The Voynich Ninja
Number of syllables distribution - Printable Version

+- The Voynich Ninja (https://www.voynich.ninja)
+-- Forum: Voynich Research (https://www.voynich.ninja/forum-27.html)
+--- Forum: Analysis of the text (https://www.voynich.ninja/forum-41.html)
+--- Thread: Number of syllables distribution (/thread-2741.html)

Pages: 1 2 3 4 5 6


RE: Number of syllables distribution - Emma May Smith - 21-04-2019

(21-04-2019, 06:24 AM)ReneZ Wrote: You are not allowed to view links. Register or Login to view.Well, given that for two representative known plain texts, one in Latin and one in middle Dutch, the syllable count is quite different, there is a rather wide range of syllable counts that could be considered 'normal'.

We don't know what are the vowels in Voynichese, but it is clear that we can choose them such that the resulting syllable count is within this normal range. In fact, different definitions lead to quite different distributions.
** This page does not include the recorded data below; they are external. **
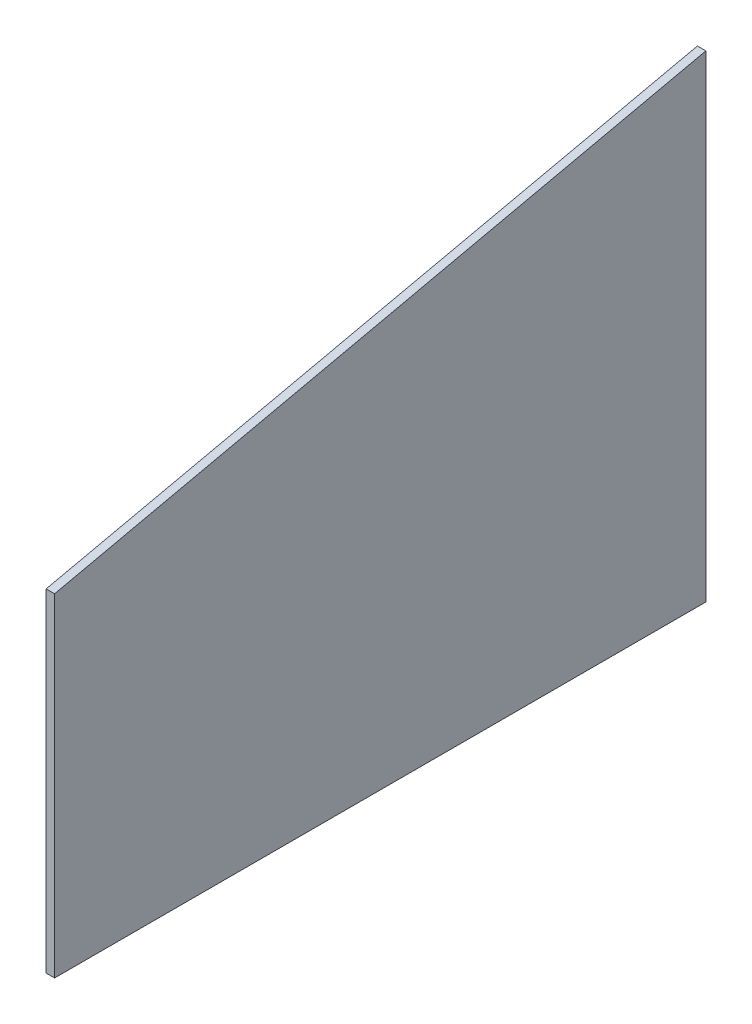
SolidWorks part; units mm, degrees
ref_plane "Front Plane" through (0, 0, 0) normal (0, 0, 1) x (1, 0, 0)
ref_plane "Top Plane" through (0, 0, 0) normal (0, 1, 0) x (1, 0, 0)
ref_plane "Right Plane" through (0, 0, 0) normal (1, 0, 0) x (0, 0, -1)
sketch "Sketch1" plane through (0, 0, 0) normal (1, 0, 0) x (0, 0, -1)
  line L0 (0, 0) -> (196.85, 0)
  line L1 (196.85, 0) -> (196.85, 144.272)
  line L2 (196.85, 144.272) -> (0, 100.584)
  line L3 (0, 100.584) -> (0, 0)
  dimension "D1" = 100.584
  dimension "D2" = 196.85
  dimension "D3" = 144.272
extrude "Boss-Extrude1" add sketch "Sketch1" along normal blind 2.54

From what I read, Emma did not choose her vowels/consonants in order to achieve a 'normal' syllable count, but the process in this thread seems to have involved some tuning, thereby ending up close to Latin.

This is clearly a basic but worthwhile outcome: a) a fairly simple definition of "syllable" is achievable which results in b) a naturalistic syllable-per-word distribution. It doesn't prove much about linguistic theories, but it shows that there's no real problem in this regard. Nor is there a lack of "short" words.

I think there's a lot more work we could do with these potential "syllables", however, to turn them into something upon which deeper analysis can be built.


RE: Number of syllables distribution - ReneZ - 21-04-2019

Indeed, there is no lack of short words, but rather of long words, although that second point is not too severe.

I believe I already put a link to Stolfi's page on the word length distribution, but it surely does no harm to repeat it.

You are not allowed to view links. Register or Login to view.

In the very first plot, we already see that there is a slight difference between normal text and labels.


RE: Number of syllables distribution - Antonio García Jiménez - 21-04-2019

It seems that Stolfi believed that the 'words' were "numbers rather than linguistic entities", and the script a kind of nomenclator.


RE: Number of syllables distribution - Koen G - 27-04-2019

(15-04-2019, 08:01 PM)bi3mw Wrote: You are not allowed to view links. Register or Login to view.Made quickly, but should fit.

You are not allowed to view links. Register or Login to view.

Another request, could someone generate a list like this but with Currier A and B separated?
Edit: ideally I'd need them from a standardized sample size. Is it possible to generate a word list of say the first 10k words of each "language"?


RE: Number of syllables distribution - ReneZ - 27-04-2019

10k is quite a bit too much.

All words (word types) that occur only once in the MS are by definition part of only one language just by chance.
Similarly, all words that occur only twice may end up in the same language just by chance, at a 50% probability.
(This is simplified, based on a model that half the text is language A and the other half is language B. Therefore, the numbers are qualitative, but not far off).

For all words that occur only three times in the MS, the probability that they are all in the same language just by chance is 25%.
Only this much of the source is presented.